Electronics Forum

[prabh94]

the circuit i made is attached below : see attachment.


Let me explain the circuit. So the output from the 3.7 V battery , is fed to the (-) of the op-amp. i've used a 5V zener and a potential divider to get a potential of 0.37 V (10% of 3.7 V) to (+) of the op-amp.

Now if the voltage given by the battery is greater than 0.37 V ,

> The input to the load = output of the battery
> The IC reads input=1 and does not activate the LED and Alarm

and if the voltage given by the battery is less than or equal to 0.37 V ,

> The output to the load = 0V . battery stops discharging.
> The IC reads input=0 and activates the LED and Alarm.
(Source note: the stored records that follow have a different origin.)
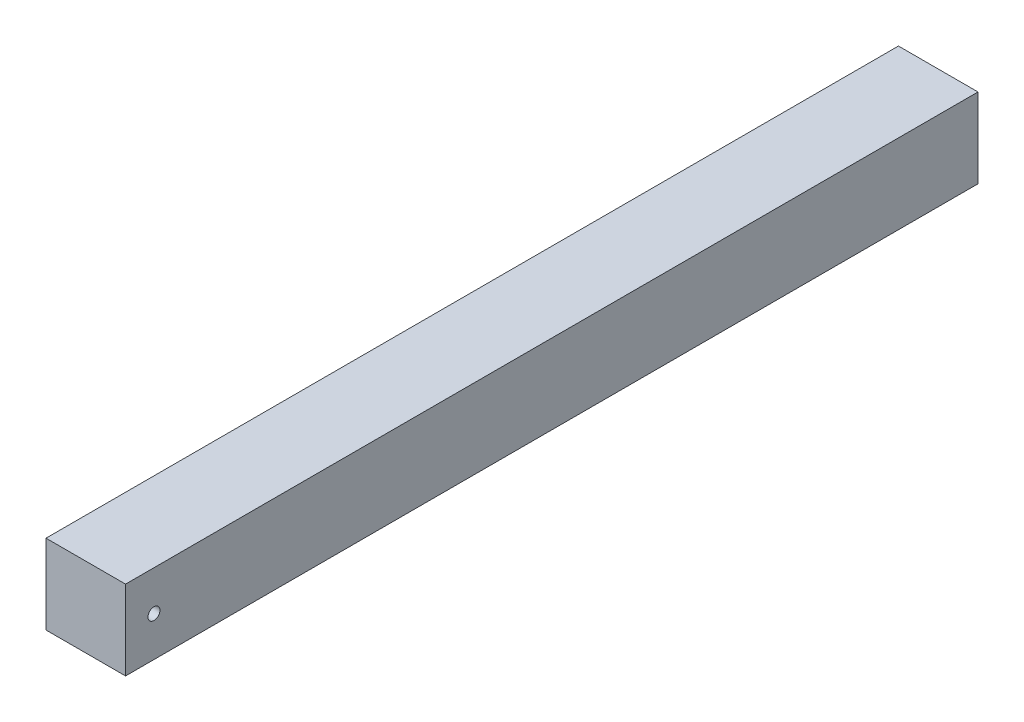
from build123d import *

# Parameters (mm, degrees)
SKETCH_1_W               = 14
SKETCH_1_H               = 14
EXTRUDE_1_DEPTH          = 150
CUT_EXTRUDE_1_DEPTH      = 151.326311736
CUT_EXTRUDE_1_DEPTH_BACK = 151.326311736
SKETCH_2_R               = 1.05


with BuildPart() as part:
    # ｽｹｯﾁ1 → ﾎﾞｽ - 押し出し1 (new body)
    with BuildSketch(Plane.XY):
        Rectangle(SKETCH_1_W, SKETCH_1_H)
    extrude(amount=EXTRUDE_1_DEPTH)

    # ｽｹｯﾁ2 → ｶｯﾄ - 押し出し1 (cut, two sides: drawn at the far end of the back side and taken through both)
    with BuildSketch(Plane(origin=(0, 0, 0), x_dir=(0, 0, -1), z_dir=(1, 0, 0)).offset(-CUT_EXTRUDE_1_DEPTH_BACK)):
        with Locations((-145, 0)):
            Circle(SKETCH_2_R)
    extrude(amount=CUT_EXTRUDE_1_DEPTH + CUT_EXTRUDE_1_DEPTH_BACK, mode=Mode.SUBTRACT)


solid = part.part
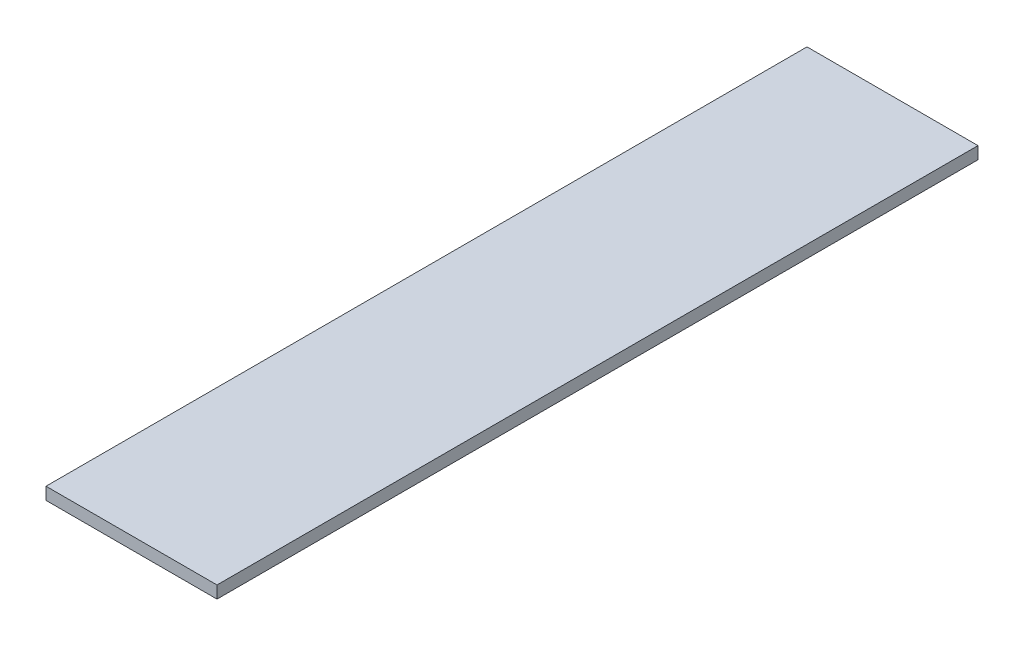
from build123d import *

# Parameters (mm, degrees)
SKETCH1_W           = 254
SKETCH1_H           = 1130.3
BOSS_EXTRUDE1_DEPTH = 18.25625


with BuildPart() as part:
    # Sketch1 → Boss-Extrude1 (new body)
    with BuildSketch(Plane(origin=(0, 0, 0), x_dir=(1, 0, 0), z_dir=(0, 1, 0))):
        with Locations((0, -565.15)):
            Rectangle(SKETCH1_W, SKETCH1_H)
    extrude(amount=BOSS_EXTRUDE1_DEPTH)


solid = part.part
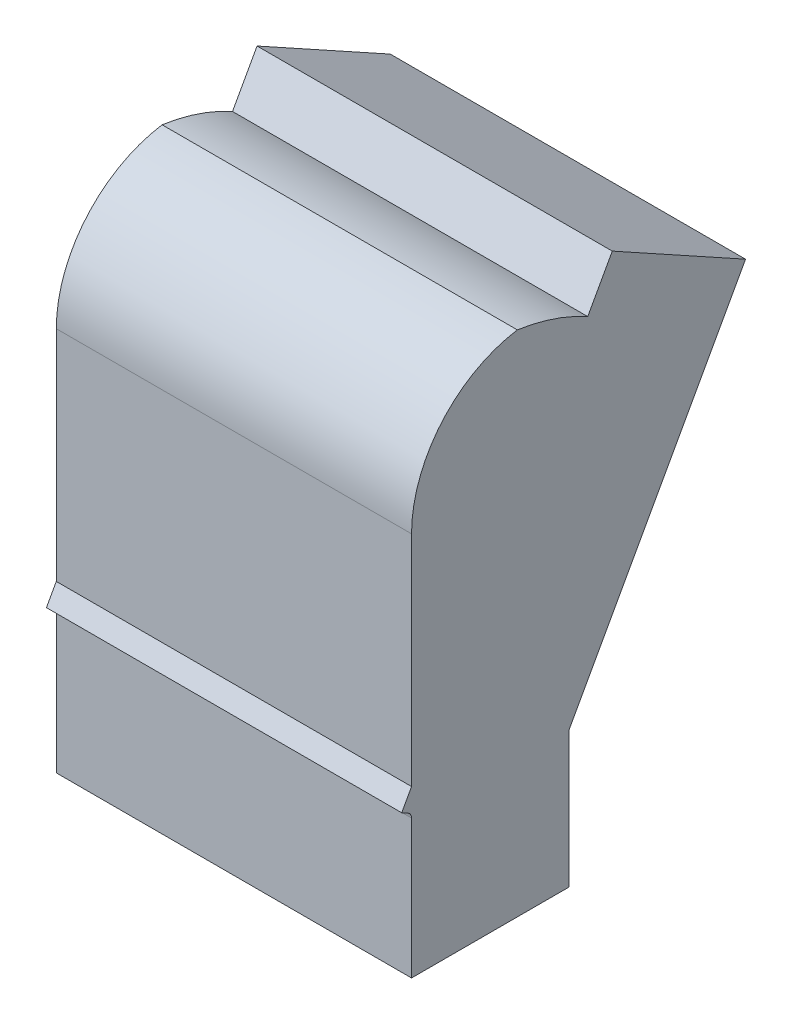
from build123d import *

# Parameters (mm, degrees)
BOSS_EXTRUDE1_DEPTH = 177.8
BOSS_EXTRUDE2_DEPTH = 177.8


with BuildPart() as part:
    # Sketch2 → Boss-Extrude1 (new body)
    with BuildSketch(Plane(origin=(0, 0, 0), x_dir=(0, 0, -1), z_dir=(1, 0, 0))):
        with BuildLine():
            Line((9.446959598, 242.605367243), (76.143806671, 205.754714731))
            Line((76.143806671, 205.754714731), (0.427641882, 68.714279363))
            ThreePointArc((0.427641882, 68.714279363), (0.108631196, 67.912266317), (0, 67.056))
            Line((0, 67.056), (0, 0))
            Line((0, 0), (-78.74, 0))
            Line((-78.74, 0), (-78.74, 69.342))
            ThreePointArc((-78.74, 69.342), (-79.215672983, 71.084383578), (-80.510720637, 72.343358118))
            Line((-80.510720637, 72.343358118), (-83.662355749, 74.084666973))
            Line((-83.662355749, 74.084666973), (-78.74, 82.993752329))
            Line((-78.74, 82.993752329), (-78.74, 192.532))
            ThreePointArc((-78.74, 192.532), (-63.696886188, 233.267747455), (-25.788612916, 254.449324625))
            ThreePointArc((-25.788612916, 254.449324625), (-7.634921788, 250.121653844), (9.446959598, 242.605367243))
        make_face()
    extrude(amount=BOSS_EXTRUDE1_DEPTH)

    # Sketch3 → Boss-Extrude2 (add)
    with BuildSketch(Plane(origin=(177.8, 0, 0), x_dir=(0, 0, -1), z_dir=(1, 0, 0))):
        Polygon((76.143806671, 205.754714731), (88.427357508, 227.986997088), (21.730510436, 264.8376496), (9.446959598, 242.605367243), align=None)
    extrude(amount=-BOSS_EXTRUDE2_DEPTH)


solid = part.part

will this work?? any problem with the op amp and zener usage??? plz help

[pebe]

I am afraid your circuit will not work. The supply voltage is only 3.7V and that will not operate a 5V zener.

Here is a circuit that should work OK. Use an op-amp that will operate with a supply voltage down to 3V. Make sure it has enough output to drive your load.

The battery voltage rises slightly when the amp disconnects the load and that would make the amp try to turn the load on again. The process would repeat so the load would be continually switched on and off. To prevent that, the resistor, R2, is used to provide positive feedback to give some hysteresis. If it is not enough, reduce the value of R2.

When the battery has run down to the level for the alarm to trigger, set P1 so that the op-amp output goes low. Because of the hysteresis, there will be different settings of P1 for when the amp output goes from high to low, or from low to high.. The one you want is when the output is going from high to low.